By default, only admins can use the gambits. You can control who can use the gambits via the “Third-party gambits” permission on the Permissions page.
Additionally, the internal login endpoint also returns the Flarum user ID and username along with the token. The return payload looks like this:
# Request (request body not documented on purpose, see kilowhat-flarum-login.php file if needed)
POST /api/kilowhat/wordpress/user/login/1
# Response
{"user_id":42,"username":"DemoUser","token":"TUaJ7o3N8VftAz4wLFghApT4YZF6H0fCaou1uhvM"}
How global login/logout works
The extension uses multiple ways to perform login and logout with as few requests and cookies as possible.
If you login from WordPress, the following happens:
- Credentials are validated by WordPress and the WordPress session is open
- Flarum account is created via a server-side API call if it doesn’t already exist
- What happens next depends on the “Global Login Mechanism” setting
- Cookie:
- Flarum remember cookie is set on the cookie domain
- A subsequent visit of the forum will open the Flarum session via the remember me feature
- Redirect:
- The WordPress login page is redirected to an endpoint on Flarum which immediately redirects back to the default login redirect destination
- The “remember” token is sent to Flarum via the URL and a session is immediately started without setting any global cookie
- Iframe:
- The Flarum remember cookie is set on the WordPress domain only
- A later visit to Flarum opens a hidden iframe that can read the cookie and pass its value back to Flarum
- Flarum shows a prompt for instant login or automatically refreshes the page based on the settings
- On refresh the Flarum session opens via the remember token
- Cookie:
If you login from Flarum, the following happens:
- Flarum opens WordPress login page in a popup
- Credentials are validated by WordPress and the WordPress session is open
- Flarum account is created via a server-side API call if it doesn’t already exist
- WordPress returns the “remember” token directly to Flarum without setting any cookie
- Flarum session opens via the token
- (The “Global Login Mechanism” choice has no incidence on this flow)

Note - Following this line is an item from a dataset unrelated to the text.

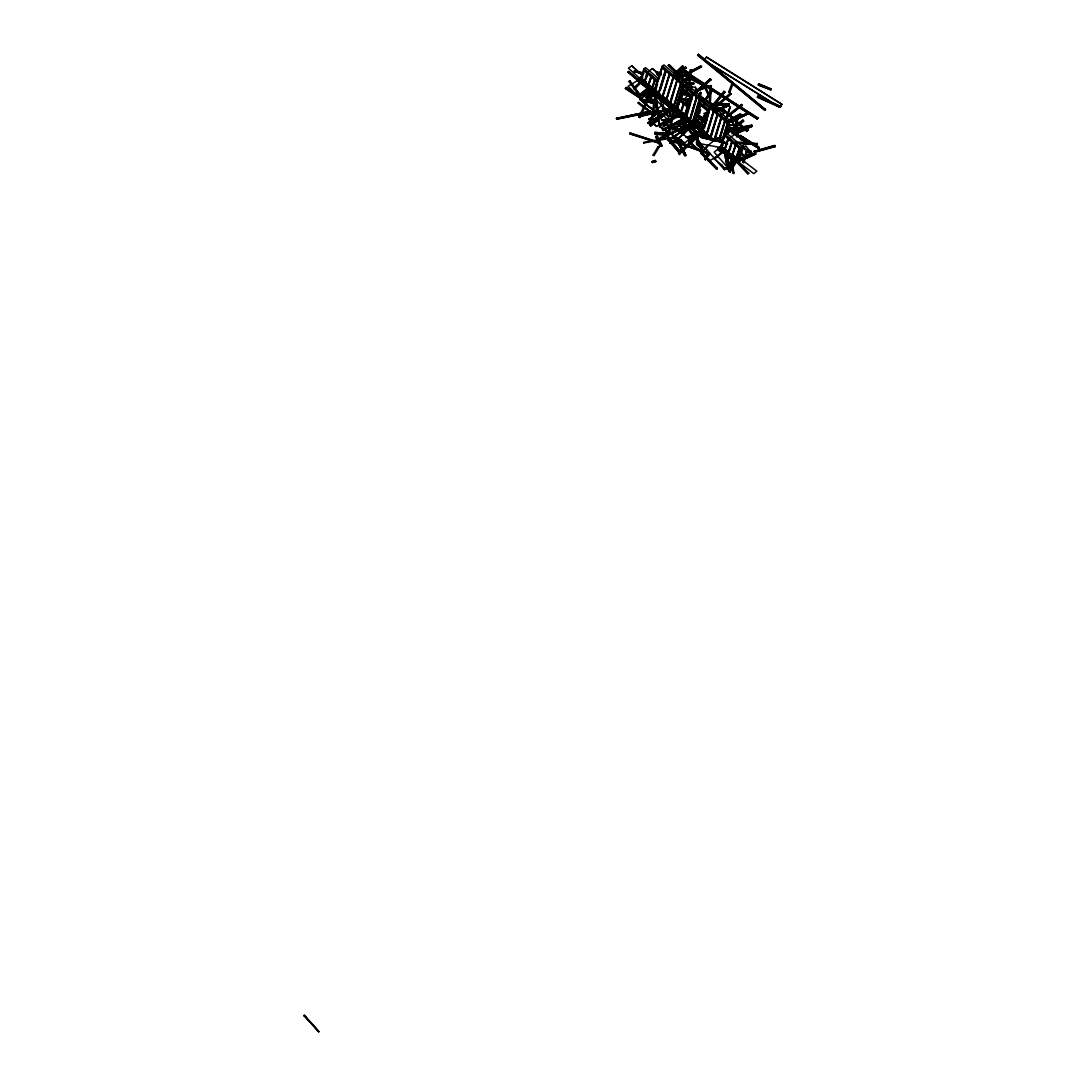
<?xml version="1.0" encoding="UTF-8"?>
<svg xmlns="http://www.w3.org/2000/svg" width="1086" height="1086" viewBox="0 0 1086 1086"><rect width="100%" height="100%" fill="white"/><g stroke="black" fill="none" stroke-linecap="round" stroke-linejoin="round"><path stroke-width="1.5" d="M665.854 135.098L655.048 134.094L655.143 132.383L667.496 133.537L667.401 135.248M687.017 99.057L688.09 99.668L687.017 99.057L685.714 102.342M669.994 143.379L670.768 139.918L670.686 142.728L677.868 151.388L679.293 150.723L672.112 141.818L669.994 143.379L670.293 139.85M670.483 143.447L670.768 139.918M705.628 159.52L704.773 159.547L704.909 157.904L705.71 158.027L705.574 159.669L705.71 158.027M709.226 103.197L710.23 85.618L711.371 85.713L710.325 103.591M734.217 127.13L737.964 118.727L733.403 130.306M660.519 137.65L664.198 137.447L664.184 138.655L660.519 138.587L660.519 137.65L664.198 137.447M660.519 138.587L660.532 137.365M664.184 138.655L660.546 138.302M722.068 148.402L722.964 147.574L733.932 158.203L733.05 158.705L722.068 148.402L722.964 147.574M733.05 158.705L722.095 148.076M650.242 89.256L650.813 88.781L650.242 89.256L671.447 107.324M688.334 86.826L690.289 69.789L691.415 70.006L689.447 87.029M304.039 1016.021L304.311 1015.329L318.85 1031.632L304.311 1015.329M318.646 1031.7L304.107 1015.396M628.957 81.45L629.921 80.961L628.957 81.45L639.464 96.016L640.414 95.514L629.921 80.961M639.464 96.016L640.455 95.256M737.462 143.257L757.281 144.547L757.404 143.501L735.887 141.913M710.23 85.618L711.371 85.713M650.826 122.433L655.143 94.007L656.256 94.251L651.939 122.677L650.731 122.718L651.939 122.677M697.646 55.237L698.447 54.3L765.467 109.618L764.693 110.283L697.646 55.237L698.447 54.3M764.693 110.283L765.508 109.347M711.235 90.491L712.212 91.251L711.235 90.491L704.692 100.129M730.267 108.003L729.928 107.107L726.493 118.903M675.75 73.943L675.804 74.459M669.519 115.578L682.755 115.89L682.741 117.071L669.573 116.433L669.519 115.578L682.755 115.89M669.573 116.433L669.587 115.252M668.528 131.094L669.655 131.338L668.528 131.094L673.89 109.075L674.949 109.645L673.89 109.075M678.492 125.433L679.578 125.759L678.492 125.433L682.239 115.971L683.27 116.623L682.239 115.971M738.466 157.09L741.046 158.923L738.494 156.981M741.046 158.923L744.032 155.868L741.453 154.036M643.523 74.12L634.292 71.567L642.043 73.4M643.808 73.047L634.495 70.848L643.726 73.414M662.433 129.831L685.958 117.356L686.596 118.415L663.139 130.564L662.433 129.831L685.958 117.356M663.139 130.564L686.664 118.089M687.424 95.432L690.329 96.98L687.424 95.432L683.596 100.441M696.167 115.442L699.601 118.578L700.389 118.048L696.954 114.926L702.778 117.953L708.561 110.229M699.547 113.854L700.66 109.401M655.143 132.383L665.881 133.687M655.048 134.094L667.469 134.949M715.402 103.917L716.706 101.65L717.765 102.03L716.624 102.043L715.402 103.917L716.461 104.297L717.765 102.03M716.461 104.297L715.484 103.537M717.832 149.393L721.403 152.773L710.23 160.633L688.714 140.868L699.913 132.926L704.692 137.311M699.913 132.926L704.678 137.393M710.23 160.633L688.741 140.786M728.082 169.348L729.181 169.66L728.082 169.348L732.14 156.438L733.172 157.049L732.14 156.438M688.986 127.863L686.203 125.908L680.488 131.881M703.239 137.352L697.891 133.7L688.782 143.203L702.194 152.054M710.95 104.568L722.299 111.654L723.018 110.731L700.334 96.545M722.299 111.654L723.018 110.731M659.935 126.804L664.496 122.487L689.501 138.709L684.927 143.026L659.935 126.804L684.927 143.026M690.56 124.917L663.098 137.501L662.419 136.755L691.483 123.152L692.094 124.211L691.483 123.152M663.098 137.501L692.162 123.899M641.554 115.252L674.582 107.704L674.976 108.831L642.03 116.039L641.554 115.252L674.582 107.704M642.03 116.039L641.636 114.912M695.814 134.678L695.379 135.37L695.814 134.678L698.637 136.212M616.454 118.374L650.324 111.234L650.65 112.401L616.875 119.229L616.454 118.374L650.324 111.234M616.875 119.229L616.536 118.062M726.018 153.18L727.131 153.167L726.018 153.18L728.367 166.796L729.561 166.47L728.367 166.796M669.655 131.338L675.003 109.319M684.845 155.732L679.782 146.311L681.356 144.981L674.039 136.184L672.628 136.89L679.863 145.972L684.845 155.732L685.877 155.461L680.881 145.741L679.863 146.013L681.356 144.981M685.877 155.461L680.881 145.741M679.225 154.416L701.895 133.103M679.605 154.687L679.388 153.723M700.253 92.337L701.271 92.989L700.253 92.337L698.855 96.79M701.515 132.831L701.719 133.795M709.986 154.429L680.637 143.881L709.986 154.429L710.271 153.696L680.881 143.298M710.271 153.696L680.841 143.447M663.41 123.356L664.17 122.433L666.98 124.714L666.302 125.311L663.41 123.356L664.17 122.433M666.302 125.311L667.062 124.388M694.388 139.47L678.791 153.384L678.587 152.42L701.855 131.705L687.465 137.99M678.791 153.384L678.587 152.42M678.275 78.111L700.823 66.015L701.515 66.775L678.981 78.857M701.597 133.049C702.004 130.551 698.827 137.23 696.791 137.325M670.388 132.899L663.736 138.546L662.881 137.881L669.533 132.234M663.736 138.546L662.949 137.583M686.556 118.618L687.411 119.284L686.556 118.618L676.035 127.184M724.796 92.256L723.914 91.387L724.796 92.256L712.43 106.903M688.85 126.953L697.701 133.524L688.85 126.953L689.624 126.017L698.407 132.886L689.624 126.017M692.474 136.646C690.818 137.23 694.741 136.714 694.931 138.832M672.017 106.713L639.6 79.332L641.052 77.798L640.306 78.341L675.777 108.505L676.632 107.636L672.913 104.432M676.632 107.636L675.872 108.519L685.823 116.528L686.651 115.673L682.918 112.672M625.373 88.441L640.794 98.568L625.373 88.441L626.093 87.491L641.527 97.618L640.794 98.568M626.093 87.491L641.446 97.93M728.149 125.433L736.607 133.809L728.136 125.528M780.712 106.252L780.196 107.338L757.444 97.238L757.974 96.152L780.644 106.537L757.974 96.152M728.38 130.591L752.191 126.315L751.851 125.162L726.453 129.723M752.191 126.315L751.851 125.162M780.196 107.338L757.526 96.939M647.582 95.487C645.613 95.799 654.315 99.749 654.641 101.826M682.198 71.011L757.241 118.944L682.198 71.011L682.904 70.02L757.947 117.953L757.241 118.944M682.904 70.02L757.865 118.238M727.186 130.972L727.647 131.8M729.616 121.646L732.969 121.632L733.471 125.352L728.502 125.175M733.471 125.352L732.969 121.632M640.455 93.98L649.387 86.975L650.134 87.966L641.297 94.658L640.455 93.98L649.387 86.975M641.297 94.658L650.215 87.667M675.533 141.194L675.736 142.157L675.533 141.194L693.601 123.967L682.809 135.153M693.221 123.709L693.425 124.659M629.744 133.754L659.514 143.271L629.744 133.754L630.002 133.021L659.718 142.687L630.002 133.021M686.596 103.781L690.031 98.731L691.578 99.573L688.239 104.337M731.448 155.122L732.113 154.443L733.647 173.475L731.448 155.122L733.647 173.475M733.159 173.448L731.638 154.429M720.71 147.587L722.611 140.447L698.189 135.818L696.275 142.958L720.71 147.587L722.244 141.927M682.049 121.673L683.053 120.953L703.443 147.302L702.52 147.71L682.049 121.673L683.053 120.953M707.122 115.795L699.805 119.08L707.095 115.93M702.52 122.419L706.932 120.397L702.52 122.419L699.832 118.944M702.52 147.71L703.524 147.004M717.303 111.519C721.104 105.681 728.774 115.102 720.018 114.858M637.754 80.717L638.337 80.16L661.225 99.111L638.296 80.31L649.835 89.622L650.405 89.066L638.894 79.699L637.754 80.717L660.682 99.518L661.265 98.962M660.682 99.518L637.808 80.568M730.389 119.053L740.218 114.057L740.815 115.143L731.068 119.813L730.389 119.053L740.218 114.057M731.068 119.813L740.896 114.831M724.145 151.117L725.326 150.791L727.878 164.705L726.765 164.719L724.145 151.117L725.326 150.791M726.765 164.719L724.226 150.818M642.532 81.396L634.509 89.025L633.613 88.387L641.636 80.758L642.45 81.694L641.636 80.758M634.509 89.025L633.695 88.088M641.853 98.921L652.93 102.681L652.645 103.401L644.772 100.604M638.812 117.071L639.871 117.492L638.812 117.071L651.451 91.061L654.206 93.6L648.926 97.455L646.129 95.011L651.451 91.061M652.645 103.401L641.622 99.478L641.907 98.758M702.208 118.483L707.108 117.057M702.927 119.827L702.289 118.17M706.755 154.972L707.515 154.619L708.316 156.235L706.755 154.972L707.515 154.619M707.597 156.438L706.796 154.823M728.027 157.103L728.557 156.506L736.118 162.181M718.674 147.886L728.557 156.601L718.728 147.737M647.88 122.867L673.578 107.595L674.27 108.627L648.668 123.56L647.88 122.867L673.578 107.595M648.668 123.56L674.365 108.288M714.289 159.004L724.376 150.845L714.289 159.004L722.122 165.343M724.756 167.353L727.376 169.443M718.959 147.642L735.684 162.384L736.294 161.841L719.556 147.099M639.342 79.536L654.967 94.577L643.591 101.541L628.02 86.323L639.369 79.441M650.392 96.749L657.505 95.31L650.392 96.749L662.039 120.302L669.18 118.781L662.039 120.302M667.89 103.957L668.732 103.089L695.746 125.134L695.013 125.704L667.89 103.957L668.732 103.089M683.759 118.252L690.805 124.021M693.384 122.419L698.393 126.152M693.316 123.302L694.144 122.419L693.316 123.302L701.773 130.171L702.601 129.288L701.773 130.171M695.013 125.704L695.841 124.822M699.954 131.759C698.054 132.044 706.172 135.655 706.348 137.189M693.859 123.994L702.493 131.067L703.348 130.429M724.824 169.375C726.466 170.027 722.068 167.135 722.231 165.384M740.353 139.117C743.462 135.818 745.973 138.614 741.059 139.89M695.149 91.767L704.135 88.333L703.619 87.219L694.633 90.64M704.135 88.333L703.619 87.219M655.93 97.143L659.718 126.343L656.406 97.17M638.894 79.699L650.405 89.066M679.931 112.971L640.197 78.789L680.501 112.808L640.428 78.898L641.229 78.083L640.401 79.02L680.46 112.93M642.233 77.581L641.568 77.839M658.007 114.247L644.12 102.681L654.519 94.876L677.216 113.881L666.858 121.605L664.32 119.514M648.749 119.256L659.718 112.116L667.564 119.338L656.623 126.383L648.749 119.256L659.718 112.116M656.623 126.383L648.776 119.161M664.279 133.306L670.361 138.804L664.279 133.306L675.248 126.166L681.289 131.759L670.361 138.804M666.899 123.967C674.678 116.026 665.718 121.551 663.858 125.569M687.886 100.55L686.04 102.356M691.348 121.876L686.04 116.392L686.976 115.618M692.488 122.664L693.343 122.189L692.488 122.664L686.135 116.093M713.013 139.687L702.683 130.7L713.108 139.375M708.574 137.854L709.117 137.148L713.448 139.51M709.117 137.148L713.353 139.809M737.462 160.877L738.304 160.009L737.462 160.877L720.629 146.678M738.779 159.913L739.634 159.045L738.779 159.913L734.896 156.642M639.6 79.332L677.392 111.003M640.088 99.627L650.107 91.523L664.713 103.034L654.695 111.152L640.088 99.627L654.722 111.057M652.007 161.719L655.279 160.457L655.713 161.61L652.537 162.561L652.007 161.719L655.279 160.457M652.537 162.561L652.089 161.42M669.546 120.03L679.877 114.424L680.488 115.51M670.238 120.817L680.569 115.211M682.402 115.238L691.171 122.677M706.429 114.858L705.71 114.369M693.153 125.053L706.796 136.809M716.027 110.134L727.905 105.003L728.53 105.804L716.651 110.935M737.367 160.932L751.702 152.895L737.367 160.932L720.575 146.719L724.416 150.126M628.034 72.273L628.875 71.418L638.446 79.753L637.686 80.31L628.034 72.273L628.875 71.418M631.835 65.798L642.64 75.762L639.274 78.002L628.441 68.16L631.835 65.798L642.681 75.64L639.274 78.002M634.224 71.92L634.495 70.848M637.686 80.31L638.527 79.441M658.401 78.491L645.586 67.644L643.984 68.812L640.971 78.572L644.378 81.45L645.138 80.893L647.555 72.613L644.147 69.721L643.387 70.278L646.794 73.169L644.378 81.45M641.731 78.016L644.147 69.721M655.279 115.36L638.446 102.423L655.238 115.523M644.731 81.749L647.908 72.911L651.315 75.789L648.899 84.084L648.125 84.64L644.731 81.749L645.491 81.192M646.292 78.436L647.908 72.911M648.125 84.64L651.315 75.789M648.478 84.939L651.668 76.088L655.075 78.966L652.645 87.26L651.885 87.817L648.478 84.939L650.867 78.844M645.546 97.591L646.048 96.98L656.976 104.419M651.885 87.817L655.075 78.966M658.075 80.744L656.786 81.613L654.356 89.907L652.238 88.115L654.668 79.821L655.428 79.264L657.546 81.056M655.428 79.264L652.238 88.115M643.984 68.812L657.777 80.5L657.22 81.599L662.365 66.097L663.967 64.916L729.928 120.709L726.358 132.913L723.9 134.949L725.041 134.338L741.657 148.402L738.168 160.348L740.489 156.737L743.272 147.221L726.358 132.913M655.116 89.351L657.139 82.441M661.768 67.549L655.062 90.491L658.469 93.382L665.935 69.884L662.528 66.993L661.768 67.549L665.175 70.441L658.469 93.382M655.822 89.948L657.614 83.826M658.958 79.237L662.528 66.993M658.822 93.681L666.288 70.183L669.695 73.061L662.989 96.002L662.229 96.559L658.822 93.681L659.582 93.124M660.478 90.057L666.288 70.183M662.229 96.559L669.695 73.061M662.582 96.858L670.048 73.359L673.456 76.237L666.75 99.179L665.99 99.736L662.582 96.858L670.048 73.359M665.99 99.736L673.456 76.237M670.51 102.356L669.75 102.912L666.342 100.034L673.809 76.536L677.216 79.414L670.103 103.211L673.51 106.102L674.27 105.546M673.809 76.536L666.342 100.034M653.107 155.013L654.139 155.488L653.107 155.013L658.143 146.488L659.08 147.262L658.143 146.488M669.75 102.912L677.216 79.414M664.673 110.609L667.401 112.469L667.904 111.858L662.446 108.138M671.311 101.134L677.569 79.712L680.976 82.604L673.863 106.401L675.682 107.935L683.148 84.436L681.329 82.903L680.569 83.459L682.388 84.993L675.682 107.935M665.46 113.976L668.026 116.175L665.501 113.826M670.51 110.338L673.116 112.51L669.967 110.745L670.551 110.188M662.229 106.184L670.211 114.302L670.849 113.799L657.641 101.622M673.51 106.102L680.976 82.604M681.329 82.903L673.863 106.401M675.451 74.798L686.094 70.834L687.696 73.278M682.239 89.364L682.673 88.17L691.66 95.772L691.225 96.966L682.239 89.364L691.334 96.885M686.854 90.803L686.094 91.36L682.687 88.482L684.112 85.631L687.519 88.523L686.447 91.658L690.967 95.487L692.393 92.636L687.872 88.821L687.112 89.378L691.633 93.192L690.967 95.487M683.773 102.858L680.583 111.709L677.175 108.817L680.365 99.98L683.773 102.858L680.936 112.007L684.75 115.225L687.94 106.387L684.126 103.156L683.365 103.713L687.18 106.944L684.75 115.225M691.307 96.355L688.375 106.374L680.094 99.369L683.026 89.351L686.583 92.351M684.112 85.631L682.687 88.482M680.365 99.98L677.175 108.817M680.094 99.369L681.709 98.202L684.221 89.609M690.289 69.789L691.415 70.006M675.954 122.976L676.551 122.419L682.836 127.809M686.094 91.36L687.519 88.523M670.198 142.66L672.112 141.818M687.872 88.821L686.447 91.658M678.126 122.161L678.126 121.021L678.166 122.012M682.103 110.066L683.718 104.541M696.954 96.111L689.474 119.609L686.067 116.731L692.787 93.79L693.547 93.233L696.954 96.111L690.248 119.053M687.289 114.641L693.547 93.233M703.837 60.029L779.381 107.175L781.961 104.351L706.457 57.083L703.837 60.029L779.381 107.175M677.868 151.388L679.374 150.425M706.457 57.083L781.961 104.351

If you logout from WordPress, the following happens:
- User is redirected to a Flarum url that clears session and remember cookies on both Flarum and cookie domain
- User is redirected back to WordPress for classic WordPress logout
If you logout from Flarum, the following happens:
- User is logged out of Flarum, cookies are cleared on both Flarum and cookie domain
- User is redirected to WordPress for classic WordPress logout
The logout process is based on redirects to signed urls that prevent any cross-site request forgery vulnerability.
The current implementation has no special handling for natural session expiration. All cookies used are short-lived, but due to the use of Flarum “remember me” tokens, the Flarum session will likely remain active in the background if the user doesn’t logout. Those Flarum sessions can be seen and cleared by the user in their Flarum Security dashboard.